3. Get Start

Before launch PGAP-X, you need a workspace.

3.1. Create Your Workspace

  A workspace is a file folder. You create a folder in your personal computer's disk whereever you want. And name this specific folder whatever you want. Let's say: "WorkDirectoryExample", and this is our "workspace".
  Pay attention, this workspace should contain Two sub-folders, which means you should create Two specific sub-folders in your workspace, and their name is specific:

  • GenomeSequence
  • GenomeAnnotation
  • Genome sequence in Fasta file format should be placed in GenomeSequence fold. Genome annotation file in GFF format should be placed in GenomeAnnotation fold.

    Be sure to Create These Two Folders with exact name above.

    Figure 3.1.1 miss
    Figuer 3.1.1: The Two folders you should create by yourself

    Figure 3.1.1 shows the two folders you should create in your workspace, and if you start to run the tool, you will find some new folders in your workspace, as you can see in Figure 3.1.2, which are create by the tool.

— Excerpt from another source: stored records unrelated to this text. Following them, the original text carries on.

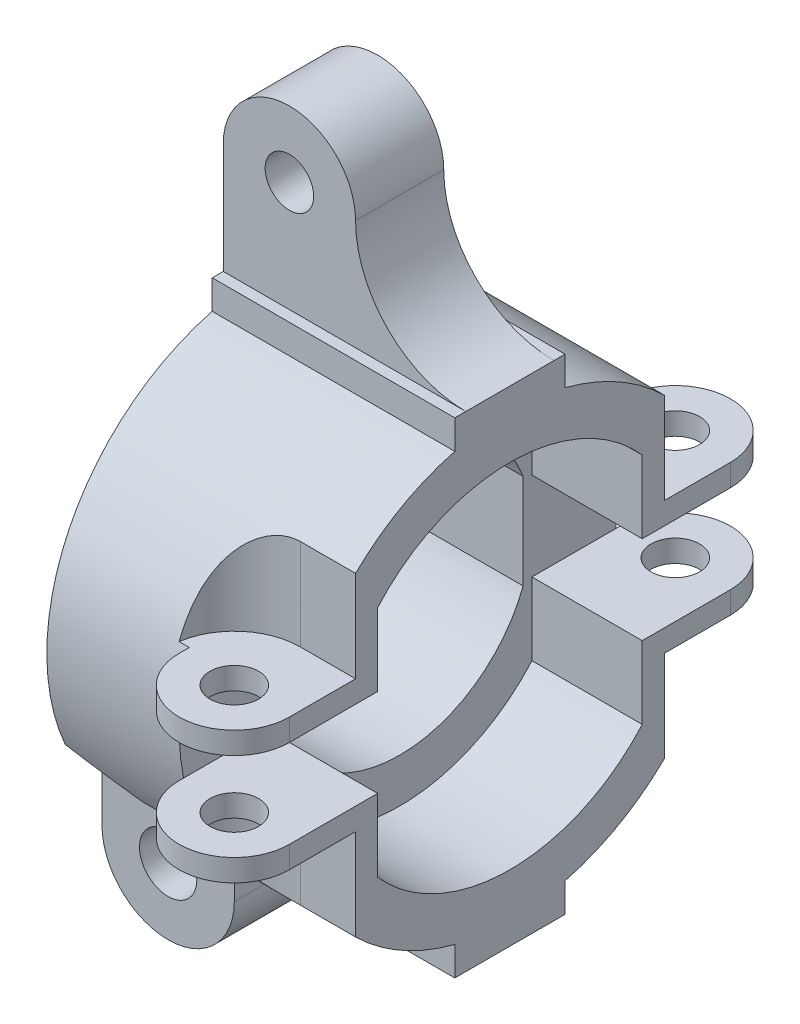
ISO-10303-21;
HEADER;
FILE_DESCRIPTION(('STEP AP214'),'2;1');
FILE_NAME('part.step','',(''),(''),'','','');
FILE_SCHEMA(('AUTOMOTIVE_DESIGN { 1 0 10303 214 1 1 1 1 }'));
ENDSEC;
DATA;
#1=APPLICATION_CONTEXT('core data for automotive mechanical design processes');
#2=APPLICATION_PROTOCOL_DEFINITION('international standard','automotive_design',2000,#1);
#3=PRODUCT_CONTEXT('',#1,'mechanical');
#4=PRODUCT('Part','Part','',(#3));
#5=PRODUCT_RELATED_PRODUCT_CATEGORY('part','',(#4));
#6=PRODUCT_DEFINITION_FORMATION('','',#4);
#7=PRODUCT_DEFINITION_CONTEXT('part definition',#1,'design');
#8=PRODUCT_DEFINITION('design','',#6,#7);
#9=PRODUCT_DEFINITION_SHAPE('','',#8);
#10=(LENGTH_UNIT() NAMED_UNIT(*) SI_UNIT(.MILLI.,.METRE.));
#11=(NAMED_UNIT(*) PLANE_ANGLE_UNIT() SI_UNIT($,.RADIAN.));
#12=(NAMED_UNIT(*) SI_UNIT($,.STERADIAN.) SOLID_ANGLE_UNIT());
#13=UNCERTAINTY_MEASURE_WITH_UNIT(LENGTH_MEASURE(1.E-05),#10,'distance_accuracy_value','');
#14=(GEOMETRIC_REPRESENTATION_CONTEXT(3) GLOBAL_UNCERTAINTY_ASSIGNED_CONTEXT((#13)) GLOBAL_UNIT_ASSIGNED_CONTEXT((#10,
#11,#12)) REPRESENTATION_CONTEXT('',''));
#15=CARTESIAN_POINT('',(0.,0.,0.));
#16=DIRECTION('',(0.,0.,1.));
#17=DIRECTION('',(1.,0.,0.));
#18=AXIS2_PLACEMENT_3D('',#15,#16,#17);
#19=CARTESIAN_POINT('',(-39.7310244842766,10.16,0.));
#20=DIRECTION('',(1.,0.,0.));
#21=DIRECTION('',(0.,0.,-1.));
#22=AXIS2_PLACEMENT_3D('',#19,#20,#21);
#23=CYLINDRICAL_SURFACE('',#22,12.7);
#24=CARTESIAN_POINT('',(3.2201749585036,13.97,12.1150278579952));
#25=CARTESIAN_POINT('',(3.22686521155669,14.1066804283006,12.0720473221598));
#26=CARTESIAN_POINT('',(3.23464449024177,14.2425935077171,12.0267595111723));
#27=CARTESIAN_POINT('',(3.25295898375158,14.5126856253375,11.931664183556));
#28=CARTESIAN_POINT('',(3.26349503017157,14.6468641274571,11.881855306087));
#29=CARTESIAN_POINT('',(3.28797177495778,14.9140144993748,11.7775226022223));
#30=CARTESIAN_POINT('',(3.30193278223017,15.0469740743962,11.7229719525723));
#31=CARTESIAN_POINT('',(3.33389583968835,15.3105501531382,11.6095827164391));
#32=CARTESIAN_POINT('',(3.35189751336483,15.4411668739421,11.5507445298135));
#33=CARTESIAN_POINT('',(3.39301555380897,15.7018503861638,11.4279913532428));
#34=CARTESIAN_POINT('',(3.4162107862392,15.83187321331,11.3640090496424));
#35=CARTESIAN_POINT('',(3.46839468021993,16.0887337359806,11.2321392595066));
#36=CARTESIAN_POINT('',(3.4973827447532,16.2155717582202,11.1642521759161));
#37=CARTESIAN_POINT('',(3.56200566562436,16.46524548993,11.0251641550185));
#38=CARTESIAN_POINT('',(3.59762287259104,16.5880908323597,10.9539723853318));
#39=CARTESIAN_POINT('',(3.67654481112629,16.8294873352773,10.8086893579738));
#40=CARTESIAN_POINT('',(3.71984658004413,16.9480401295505,10.7345992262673));
#41=CARTESIAN_POINT('',(3.80601266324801,17.1578012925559,10.5987381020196));
#42=CARTESIAN_POINT('',(3.84735467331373,17.2498781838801,10.5373430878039));
#43=CARTESIAN_POINT('',(3.93631456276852,17.4303488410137,10.4136444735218));
#44=CARTESIAN_POINT('',(3.98393292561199,17.5187423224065,10.3513408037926));
#45=CARTESIAN_POINT('',(4.08584910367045,17.6910706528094,10.2266442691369));
#46=CARTESIAN_POINT('',(4.14012730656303,17.7750175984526,10.1642521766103));
#47=CARTESIAN_POINT('',(4.25597625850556,17.9381398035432,10.0399727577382));
#48=CARTESIAN_POINT('',(4.31754681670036,18.0173151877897,9.97808541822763));
#49=CARTESIAN_POINT('',(4.44934238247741,18.1713354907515,9.85486513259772));
#50=CARTESIAN_POINT('',(4.51967853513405,18.2461023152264,9.79355276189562));
#51=CARTESIAN_POINT('',(4.66856687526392,18.3892817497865,9.67355392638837));
#52=CARTESIAN_POINT('',(4.74711684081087,18.4576960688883,9.61486675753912));
#53=CARTESIAN_POINT('',(4.91244275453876,18.5873125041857,9.50146364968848));
#54=CARTESIAN_POINT('',(4.99920881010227,18.648523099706,9.44674307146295));
#55=CARTESIAN_POINT('',(5.18076880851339,18.7629579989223,9.3426495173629));
#56=CARTESIAN_POINT('',(5.27555856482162,18.8161864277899,9.29327378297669));
#57=CARTESIAN_POINT('',(5.51006647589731,18.9323963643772,9.18387827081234));
#58=CARTESIAN_POINT('',(5.65321636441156,18.9914507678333,9.1268972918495));
#59=CARTESIAN_POINT('',(5.9510474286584,19.0908690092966,9.02964411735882));
#60=CARTESIAN_POINT('',(6.10571065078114,19.1312612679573,8.98934652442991));
#61=CARTESIAN_POINT('',(6.38139660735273,19.1841336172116,8.93621904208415));
#62=CARTESIAN_POINT('',(6.50071506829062,19.2011396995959,8.91897228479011));
#63=CARTESIAN_POINT('',(6.68135325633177,19.2181979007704,8.90163530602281));
#64=CARTESIAN_POINT('',(6.74190515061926,19.2224755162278,8.89727843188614));
#65=CARTESIAN_POINT('',(6.86329960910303,19.2281845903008,8.89145856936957));
#66=CARTESIAN_POINT('',(6.92414225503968,19.229615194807,8.88999644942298));
#67=CARTESIAN_POINT('',(6.98499999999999,19.2296141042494,8.89));
#68=B_SPLINE_CURVE_WITH_KNOTS('',3,(#24,#25,#26,#27,#28,#29,#30,#31,#32,#33,#34,#35,#36,#37,#38,
#39,#40,#41,#42,#43,#44,#45,#46,#47,#48,#49,#50,#51,#52,#53,#54,#55,#56,#57,#58,#59,#60,#61,#62,
#63,#64,#65,#66,#67),.UNSPECIFIED.,.F.,.F.,(4,2,2,2,2,2,2,2,2,2,2,2,2,2,2,2,2,2,2,2,2,4),(0.,
0.430297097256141,0.860724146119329,1.29376794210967,1.72677140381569,2.16685951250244,
2.60690228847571,3.04578983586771,3.48450854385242,3.83872221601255,4.19296318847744,
4.5461849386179,4.89939744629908,5.2576597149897,5.61582531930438,5.97356502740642,
6.33111921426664,6.82392591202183,7.31597961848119,7.68014600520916,7.86260060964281,
8.0451099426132),.UNSPECIFIED.);
#69=CARTESIAN_POINT('',(3.2201749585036,13.97,12.1150278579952));
#70=VERTEX_POINT('',#69);
#71=CARTESIAN_POINT('',(6.98499999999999,19.2296141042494,8.89));
#72=VERTEX_POINT('',#71);
#73=EDGE_CURVE('E11',#70,#72,#68,.T.);
#74=ORIENTED_EDGE('',*,*,#73,.T.);
#75=DIRECTION('',(1.,0.,0.));
#76=VECTOR('',#75,1.);
#77=CARTESIAN_POINT('',(-39.7310244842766,19.2296141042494,8.89));
#78=LINE('',#77,#76);
#79=CARTESIAN_POINT('',(10.16,19.2296141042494,8.89));
#80=VERTEX_POINT('',#79);
#81=EDGE_CURVE('E430',#72,#80,#78,.T.);
#82=ORIENTED_EDGE('',*,*,#81,.T.);
#83=CARTESIAN_POINT('',(10.16,10.16,0.));
#84=DIRECTION('',(1.,0.,0.));
#85=DIRECTION('',(0.,0.,1.));
#86=AXIS2_PLACEMENT_3D('',#83,#84,#85);
#87=CIRCLE('',#86,12.7);
#88=CARTESIAN_POINT('',(10.16,22.4567221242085,3.175));
#89=VERTEX_POINT('',#88);
#90=EDGE_CURVE('E882',#89,#80,#87,.T.);
#91=ORIENTED_EDGE('',*,*,#90,.F.);
#92=DIRECTION('',(1.,0.,0.));
#93=VECTOR('',#92,1.);
#94=CARTESIAN_POINT('',(-39.7310244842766,22.4567221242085,3.175));
#95=LINE('',#94,#93);
#96=CARTESIAN_POINT('',(-3.81,22.4567221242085,3.175));
#97=VERTEX_POINT('',#96);
#98=EDGE_CURVE('E753',#97,#89,#95,.T.);
#99=ORIENTED_EDGE('',*,*,#98,.F.);
#100=CARTESIAN_POINT('',(-3.81,10.16,0.));
#101=DIRECTION('',(1.,0.,0.));
#102=DIRECTION('',(0.,0.,-1.));
#103=AXIS2_PLACEMENT_3D('',#100,#101,#102);
#104=CIRCLE('',#103,12.7);
#105=CARTESIAN_POINT('',(-3.81,5.08,11.6397422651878));
#106=VERTEX_POINT('',#105);
#107=EDGE_CURVE('E949',#106,#97,#104,.F.);
#108=ORIENTED_EDGE('',*,*,#107,.F.);
#109=CARTESIAN_POINT('',(-19.05,10.16,0.));
#110=DIRECTION('',(-0.316227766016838,-0.948683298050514,0.));
#111=DIRECTION('',(0.948683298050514,-0.316227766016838,0.));
#112=AXIS2_PLACEMENT_3D('',#109,#110,#111);
#113=ELLIPSE('',#112,40.1609262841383,12.7);
#114=CARTESIAN_POINT('',(0.,3.81,10.9985226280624));
#115=VERTEX_POINT('',#114);
#116=EDGE_CURVE('E1047',#106,#115,#113,.F.);
#117=ORIENTED_EDGE('',*,*,#116,.T.);
#118=DIRECTION('',(1.,0.,0.));
#119=VECTOR('',#118,1.);
#120=CARTESIAN_POINT('',(-39.7310244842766,3.81,10.9985226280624));
#121=LINE('',#120,#119);
#122=CARTESIAN_POINT('',(3.57603025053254,3.81,10.9985226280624));
#123=VERTEX_POINT('',#122);
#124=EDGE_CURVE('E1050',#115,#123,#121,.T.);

    Please do NOT try to delete or remove any folder or file if you don't understant its function,
    unless the TemporaryData folder, in which there are only some "temporary data" created during computing.

    Figure 3.1.2 miss
    Figuer 3.1.2: Some other folders you will see in your workspace
    Do not try to delete them.

    3.2. Choose Species You Want To Analyze

    The next step is to find species you want to analyze. Here we are interested in 6 strains of Streptococcus pneumonia, which are:

  • NC_012467
  • NC_012468
  • NC_012469
  • NC_014251
  • NC_014494
  • NC_014498
  • We will use data of these 6 genome for following analysis.

    3.3. Prepare Genome Sequence Data

    Genome Sequence Data is basic data for comparative genomic analysis.

    We accept FASTA format(see FASTA format in wikipedia), which you can download directly from NCBI. You should put all the genome annotation data into file folder "GenomeSequence"

    3.4. Prepare Genome Annotation Data

    We accept NCBI PTT File Format of genome annotation, this file is a text file that contains a tab-delimited table with information on location, annotation, COG families, locus tags, GI numbers, Length and Gene symbols. The specific headers follow the order given in the example as per NCBI as of 2009.

    Figure 3.4.1 miss
    Figuer 3.4.1: Sample PTT File of NC_012467, download from NCBI.

    You should put all the genome annotation data into file folder "GenomeAnnotation".

    3.5. Choose Your Workspace

    Now it's time to start PGAP-X, the Main interface is called & PGAP-X Lite Launcher", the following figuers are made under Windows 7 system.

    Figure 3.5.1 miss
    Figuer 3.5.1 ComparativeGenomicTool Lite Launcher.

    Click "Get Start" Button, and choose the folder of your workspace, if you follow formal directions, you will see a interface like Figuer 3.5.2.

    Figure 3.5.2 miss
    Figuer 3.5.2 Get Start(functional modules are not available).
    You can see the directory of your workspace you have chosen, click button "Change Workspace", and you can change your workspace. The six genome you have put have already present in the left size, you can exclude any genome you do not want to analysis, click button "Start" and you can start following analysis. You will see the functional modules are available, like Figure 3.5.3.
    Figure 3.5.3 miss
    Figuer 3.5.2 Functional modules available.

    Anytime you want to change your workspace, click button "Get Start".

    Please be advised that PGAP-X only accept file path containting English letter, numbers, ".", "/", "\", "_", "-" and blank space.